Stored data
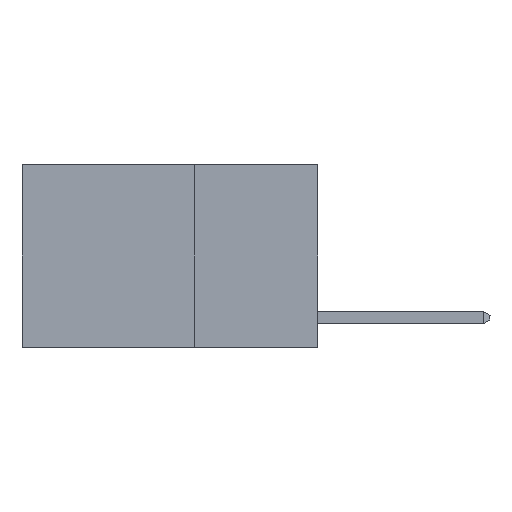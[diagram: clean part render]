
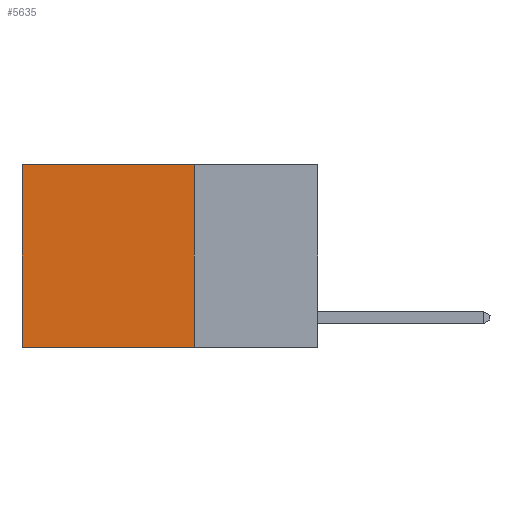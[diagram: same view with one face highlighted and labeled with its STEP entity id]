
A CAD part, left-side view. The second image highlights one B-rep face of the part: STEP entity #5635.
In plain terms, the highlighted planar face has unit normal (-1, 0, 0).
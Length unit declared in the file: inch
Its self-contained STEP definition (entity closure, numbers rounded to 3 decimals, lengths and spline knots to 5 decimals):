
#53 = VERTEX_POINT ( 'NONE', #4747 ) ;
#253 = ORIENTED_EDGE ( 'NONE', *, *, #2342, .F. ) ;
#558 = CARTESIAN_POINT ( 'NONE',  ( 0.2625, 0.25, -0.37 ) ) ;
#1009 = DIRECTION ( 'NONE',  ( 0., 0., -1. ) ) ;
#1060 = AXIS2_PLACEMENT_3D ( 'NONE', #11866, #7163, #8167 ) ;
#1223 = EDGE_LOOP ( 'NONE', ( #9044, #253, #3385, #2071 ) ) ;
#1545 = FACE_OUTER_BOUND ( 'NONE', #1223, .T. ) ;
#1986 = CARTESIAN_POINT ( 'NONE',  ( 0.2625, 0.25, 0. ) ) ;
#2071 = ORIENTED_EDGE ( 'NONE', *, *, #10051, .T. ) ;
#2342 = EDGE_CURVE ( 'NONE', #3666, #53, #3953, .T. ) ;
#2743 = VECTOR ( 'NONE', #9984, 39.37008 ) ;
#3023 = CARTESIAN_POINT ( 'NONE',  ( 0.2625, 0.25, 0. ) ) ;
#3113 = EDGE_CURVE ( 'NONE', #8409, #3666, #9102, .T. ) ;
#3385 = ORIENTED_EDGE ( 'NONE', *, *, #3113, .F. ) ;
#3666 = VERTEX_POINT ( 'NONE', #10975 ) ;
#3953 = LINE ( 'NONE', #558, #2743 ) ;
#4747 = CARTESIAN_POINT ( 'NONE',  ( 0.2625, 0.6, -0.37 ) ) ;
#5635 = ADVANCED_FACE ( 'NONE', ( #1545 ), #6237, .F. ) ;
#6237 = PLANE ( 'NONE',  #1060 ) ;
#7163 = DIRECTION ( 'NONE',  ( 1., 0., 0. ) ) ;
#7520 = CARTESIAN_POINT ( 'NONE',  ( 0.2625, 0.6, 0. ) ) ;
#7587 = CARTESIAN_POINT ( 'NONE',  ( 0.2625, 0.25, 0. ) ) ;
#7845 = EDGE_CURVE ( 'NONE', #9877, #53, #11083, .T. ) ;
#8167 = DIRECTION ( 'NONE',  ( 0., 0., -1. ) ) ;
#8409 = VERTEX_POINT ( 'NONE', #3023 ) ;
#8634 = DIRECTION ( 'NONE',  ( 0., 1., 0. ) ) ;
#9044 = ORIENTED_EDGE ( 'NONE', *, *, #7845, .T. ) ;
#9054 = CARTESIAN_POINT ( 'NONE',  ( 0.2625, 0.6, 0. ) ) ;
#9102 = LINE ( 'NONE', #1986, #11336 ) ;
#9877 = VERTEX_POINT ( 'NONE', #9054 ) ;
#9984 = DIRECTION ( 'NONE',  ( 0., 1., 0. ) ) ;
#10051 = EDGE_CURVE ( 'NONE', #8409, #9877, #11484, .T. ) ;
#10248 = DIRECTION ( 'NONE',  ( 0., 0., -1. ) ) ;
#10886 = VECTOR ( 'NONE', #8634, 39.37008 ) ;
#10975 = CARTESIAN_POINT ( 'NONE',  ( 0.2625, 0.25, -0.37 ) ) ;
#11083 = LINE ( 'NONE', #7520, #11390 ) ;
#11336 = VECTOR ( 'NONE', #1009, 39.37008 ) ;
#11390 = VECTOR ( 'NONE', #10248, 39.37008 ) ;
#11484 = LINE ( 'NONE', #7587, #10886 ) ;
#11866 = CARTESIAN_POINT ( 'NONE',  ( 0.2625, 0.25, 0. ) ) ;
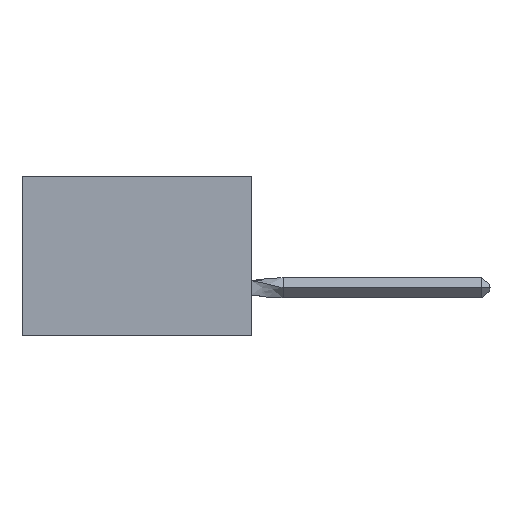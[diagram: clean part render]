
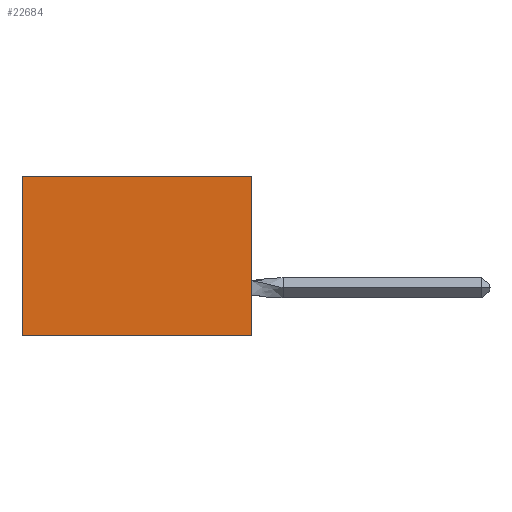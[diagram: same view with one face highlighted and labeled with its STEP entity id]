
A CAD part, left-side view. The second image highlights one B-rep face of the part: STEP entity #22684.
In plain terms, the highlighted planar face has unit normal (-1, 0, 0).
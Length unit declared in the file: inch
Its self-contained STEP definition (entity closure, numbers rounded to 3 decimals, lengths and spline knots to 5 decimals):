
#634 = VECTOR ( 'NONE', #13508, 39.37008 ) ;
#2748 = DIRECTION ( 'NONE',  ( 0., 0., -1. ) ) ;
#2783 = CARTESIAN_POINT ( 'NONE',  ( 0.305, 0.72, -0.5 ) ) ;
#3830 = LINE ( 'NONE', #14086, #5278 ) ;
#3986 = VERTEX_POINT ( 'NONE', #7129 ) ;
#4064 = VERTEX_POINT ( 'NONE', #28045 ) ;
#4718 = ORIENTED_EDGE ( 'NONE', *, *, #14056, .T. ) ;
#4973 = DIRECTION ( 'NONE',  ( 0., 1., 0. ) ) ;
#5278 = VECTOR ( 'NONE', #4973, 39.37008 ) ;
#6244 = ORIENTED_EDGE ( 'NONE', *, *, #16076, .F. ) ;
#6316 = EDGE_CURVE ( 'NONE', #3986, #4064, #15002, .T. ) ;
#7129 = CARTESIAN_POINT ( 'NONE',  ( 0.305, 0., 0. ) ) ;
#7166 = ORIENTED_EDGE ( 'NONE', *, *, #10586, .T. ) ;
#7790 = DIRECTION ( 'NONE',  ( 0., 1., 0. ) ) ;
#8518 = VECTOR ( 'NONE', #2748, 39.37008 ) ;
#8891 = CARTESIAN_POINT ( 'NONE',  ( 0.305, 0.72, -0.5 ) ) ;
#10020 = ORIENTED_EDGE ( 'NONE', *, *, #6316, .F. ) ;
#10586 = EDGE_CURVE ( 'NONE', #3986, #10627, #3830, .T. ) ;
#10627 = VERTEX_POINT ( 'NONE', #16296 ) ;
#13389 = FACE_OUTER_BOUND ( 'NONE', #21231, .T. ) ;
#13470 = DIRECTION ( 'NONE',  ( 1., 0., 0. ) ) ;
#13508 = DIRECTION ( 'NONE',  ( 0., 0., -1. ) ) ;
#13580 = PLANE ( 'NONE',  #28714 ) ;
#14056 = EDGE_CURVE ( 'NONE', #10627, #28234, #20811, .T. ) ;
#14086 = CARTESIAN_POINT ( 'NONE',  ( 0.305, 0., 0. ) ) ;
#15002 = LINE ( 'NONE', #21248, #8518 ) ;
#16076 = EDGE_CURVE ( 'NONE', #4064, #28234, #16305, .T. ) ;
#16296 = CARTESIAN_POINT ( 'NONE',  ( 0.305, 0.72, 0. ) ) ;
#16305 = LINE ( 'NONE', #21586, #17385 ) ;
#17385 = VECTOR ( 'NONE', #7790, 39.37008 ) ;
#18097 = CARTESIAN_POINT ( 'NONE',  ( 0.305, 0., -0.5 ) ) ;
#20811 = LINE ( 'NONE', #8891, #634 ) ;
#21231 = EDGE_LOOP ( 'NONE', ( #4718, #6244, #10020, #7166 ) ) ;
#21248 = CARTESIAN_POINT ( 'NONE',  ( 0.305, 0., -0.5 ) ) ;
#21586 = CARTESIAN_POINT ( 'NONE',  ( 0.305, 0., -0.5 ) ) ;
#22684 = ADVANCED_FACE ( 'NONE', ( #13389 ), #13580, .F. ) ;
#27649 = DIRECTION ( 'NONE',  ( 0., 0., -1. ) ) ;
#28045 = CARTESIAN_POINT ( 'NONE',  ( 0.305, 0., -0.5 ) ) ;
#28234 = VERTEX_POINT ( 'NONE', #2783 ) ;
#28714 = AXIS2_PLACEMENT_3D ( 'NONE', #18097, #13470, #27649 ) ;

**EXERCISE INSTRUCTIONS**
This exercise calls for the records to be given again exactly, without the images.

**SOLUTION TO THIS EXERCISE**
[diagram: clean part render]
[diagram: same view with one face highlighted and labeled with its STEP entity id]
A CAD part, left-side view. The second image highlights one B-rep face of the part: STEP entity #5635.
In plain terms, the highlighted planar face has unit normal (-1, 0, 0).
Length unit declared in the file: inch
Its self-contained STEP definition (entity closure, numbers rounded to 3 decimals, lengths and spline knots to 5 decimals):
#53 = VERTEX_POINT ( 'NONE', #4747 ) ;
#253 = ORIENTED_EDGE ( 'NONE', *, *, #2342, .F. ) ;
#558 = CARTESIAN_POINT ( 'NONE',  ( 0.2625, 0.25, -0.37 ) ) ;
#1009 = DIRECTION ( 'NONE',  ( 0., 0., -1. ) ) ;
#1060 = AXIS2_PLACEMENT_3D ( 'NONE', #11866, #7163, #8167 ) ;
#1223 = EDGE_LOOP ( 'NONE', ( #9044, #253, #3385, #2071 ) ) ;
#1545 = FACE_OUTER_BOUND ( 'NONE', #1223, .T. ) ;
#1986 = CARTESIAN_POINT ( 'NONE',  ( 0.2625, 0.25, 0. ) ) ;
#2071 = ORIENTED_EDGE ( 'NONE', *, *, #10051, .T. ) ;
#2342 = EDGE_CURVE ( 'NONE', #3666, #53, #3953, .T. ) ;
#2743 = VECTOR ( 'NONE', #9984, 39.37008 ) ;
#3023 = CARTESIAN_POINT ( 'NONE',  ( 0.2625, 0.25, 0. ) ) ;
#3113 = EDGE_CURVE ( 'NONE', #8409, #3666, #9102, .T. ) ;
#3385 = ORIENTED_EDGE ( 'NONE', *, *, #3113, .F. ) ;
#3666 = VERTEX_POINT ( 'NONE', #10975 ) ;
#3953 = LINE ( 'NONE', #558, #2743 ) ;
#4747 = CARTESIAN_POINT ( 'NONE',  ( 0.2625, 0.6, -0.37 ) ) ;
#5635 = ADVANCED_FACE ( 'NONE', ( #1545 ), #6237, .F. ) ;
#6237 = PLANE ( 'NONE',  #1060 ) ;
#7163 = DIRECTION ( 'NONE',  ( 1., 0., 0. ) ) ;
#7520 = CARTESIAN_POINT ( 'NONE',  ( 0.2625, 0.6, 0. ) ) ;
#7587 = CARTESIAN_POINT ( 'NONE',  ( 0.2625, 0.25, 0. ) ) ;
#7845 = EDGE_CURVE ( 'NONE', #9877, #53, #11083, .T. ) ;
#8167 = DIRECTION ( 'NONE',  ( 0., 0., -1. ) ) ;
#8409 = VERTEX_POINT ( 'NONE', #3023 ) ;
#8634 = DIRECTION ( 'NONE',  ( 0., 1., 0. ) ) ;
#9044 = ORIENTED_EDGE ( 'NONE', *, *, #7845, .T. ) ;
#9054 = CARTESIAN_POINT ( 'NONE',  ( 0.2625, 0.6, 0. ) ) ;
#9102 = LINE ( 'NONE', #1986, #11336 ) ;
#9877 = VERTEX_POINT ( 'NONE', #9054 ) ;
#9984 = DIRECTION ( 'NONE',  ( 0., 1., 0. ) ) ;
#10051 = EDGE_CURVE ( 'NONE', #8409, #9877, #11484, .T. ) ;
#10248 = DIRECTION ( 'NONE',  ( 0., 0., -1. ) ) ;
#10886 = VECTOR ( 'NONE', #8634, 39.37008 ) ;
#10975 = CARTESIAN_POINT ( 'NONE',  ( 0.2625, 0.25, -0.37 ) ) ;
#11083 = LINE ( 'NONE', #7520, #11390 ) ;
#11336 = VECTOR ( 'NONE', #1009, 39.37008 ) ;
#11390 = VECTOR ( 'NONE', #10248, 39.37008 ) ;
#11484 = LINE ( 'NONE', #7587, #10886 ) ;
#11866 = CARTESIAN_POINT ( 'NONE',  ( 0.2625, 0.25, 0. ) ) ;
[diagram: clean part render]
[diagram: same view with one face highlighted and labeled with its STEP entity id]
A CAD part, left-side view. The second image highlights one B-rep face of the part: STEP entity #22684.
In plain terms, the highlighted planar face has unit normal (-1, 0, 0).
Length unit declared in the file: inch
Its self-contained STEP definition (entity closure, numbers rounded to 3 decimals, lengths and spline knots to 5 decimals):
#634 = VECTOR ( 'NONE', #13508, 39.37008 ) ;
#2748 = DIRECTION ( 'NONE',  ( 0., 0., -1. ) ) ;
#2783 = CARTESIAN_POINT ( 'NONE',  ( 0.305, 0.72, -0.5 ) ) ;
#3830 = LINE ( 'NONE', #14086, #5278 ) ;
#3986 = VERTEX_POINT ( 'NONE', #7129 ) ;
#4064 = VERTEX_POINT ( 'NONE', #28045 ) ;
#4718 = ORIENTED_EDGE ( 'NONE', *, *, #14056, .T. ) ;
#4973 = DIRECTION ( 'NONE',  ( 0., 1., 0. ) ) ;
#5278 = VECTOR ( 'NONE', #4973, 39.37008 ) ;
#6244 = ORIENTED_EDGE ( 'NONE', *, *, #16076, .F. ) ;
#6316 = EDGE_CURVE ( 'NONE', #3986, #4064, #15002, .T. ) ;
#7129 = CARTESIAN_POINT ( 'NONE',  ( 0.305, 0., 0. ) ) ;
#7166 = ORIENTED_EDGE ( 'NONE', *, *, #10586, .T. ) ;
#7790 = DIRECTION ( 'NONE',  ( 0., 1., 0. ) ) ;
#8518 = VECTOR ( 'NONE', #2748, 39.37008 ) ;
#8891 = CARTESIAN_POINT ( 'NONE',  ( 0.305, 0.72, -0.5 ) ) ;
#10020 = ORIENTED_EDGE ( 'NONE', *, *, #6316, .F. ) ;
#10586 = EDGE_CURVE ( 'NONE', #3986, #10627, #3830, .T. ) ;
#10627 = VERTEX_POINT ( 'NONE', #16296 ) ;
#13389 = FACE_OUTER_BOUND ( 'NONE', #21231, .T. ) ;
#13470 = DIRECTION ( 'NONE',  ( 1., 0., 0. ) ) ;
#13508 = DIRECTION ( 'NONE',  ( 0., 0., -1. ) ) ;
#13580 = PLANE ( 'NONE',  #28714 ) ;
#14056 = EDGE_CURVE ( 'NONE', #10627, #28234, #20811, .T. ) ;
#14086 = CARTESIAN_POINT ( 'NONE',  ( 0.305, 0., 0. ) ) ;
#15002 = LINE ( 'NONE', #21248, #8518 ) ;
#16076 = EDGE_CURVE ( 'NONE', #4064, #28234, #16305, .T. ) ;
#16296 = CARTESIAN_POINT ( 'NONE',  ( 0.305, 0.72, 0. ) ) ;
#16305 = LINE ( 'NONE', #21586, #17385 ) ;
#17385 = VECTOR ( 'NONE', #7790, 39.37008 ) ;
#18097 = CARTESIAN_POINT ( 'NONE',  ( 0.305, 0., -0.5 ) ) ;
#20811 = LINE ( 'NONE', #8891, #634 ) ;
#21231 = EDGE_LOOP ( 'NONE', ( #4718, #6244, #10020, #7166 ) ) ;
#21248 = CARTESIAN_POINT ( 'NONE',  ( 0.305, 0., -0.5 ) ) ;
#21586 = CARTESIAN_POINT ( 'NONE',  ( 0.305, 0., -0.5 ) ) ;
#22684 = ADVANCED_FACE ( 'NONE', ( #13389 ), #13580, .F. ) ;
#27649 = DIRECTION ( 'NONE',  ( 0., 0., -1. ) ) ;
#28045 = CARTESIAN_POINT ( 'NONE',  ( 0.305, 0., -0.5 ) ) ;
#28234 = VERTEX_POINT ( 'NONE', #2783 ) ;
#28714 = AXIS2_PLACEMENT_3D ( 'NONE', #18097, #13470, #27649 ) ;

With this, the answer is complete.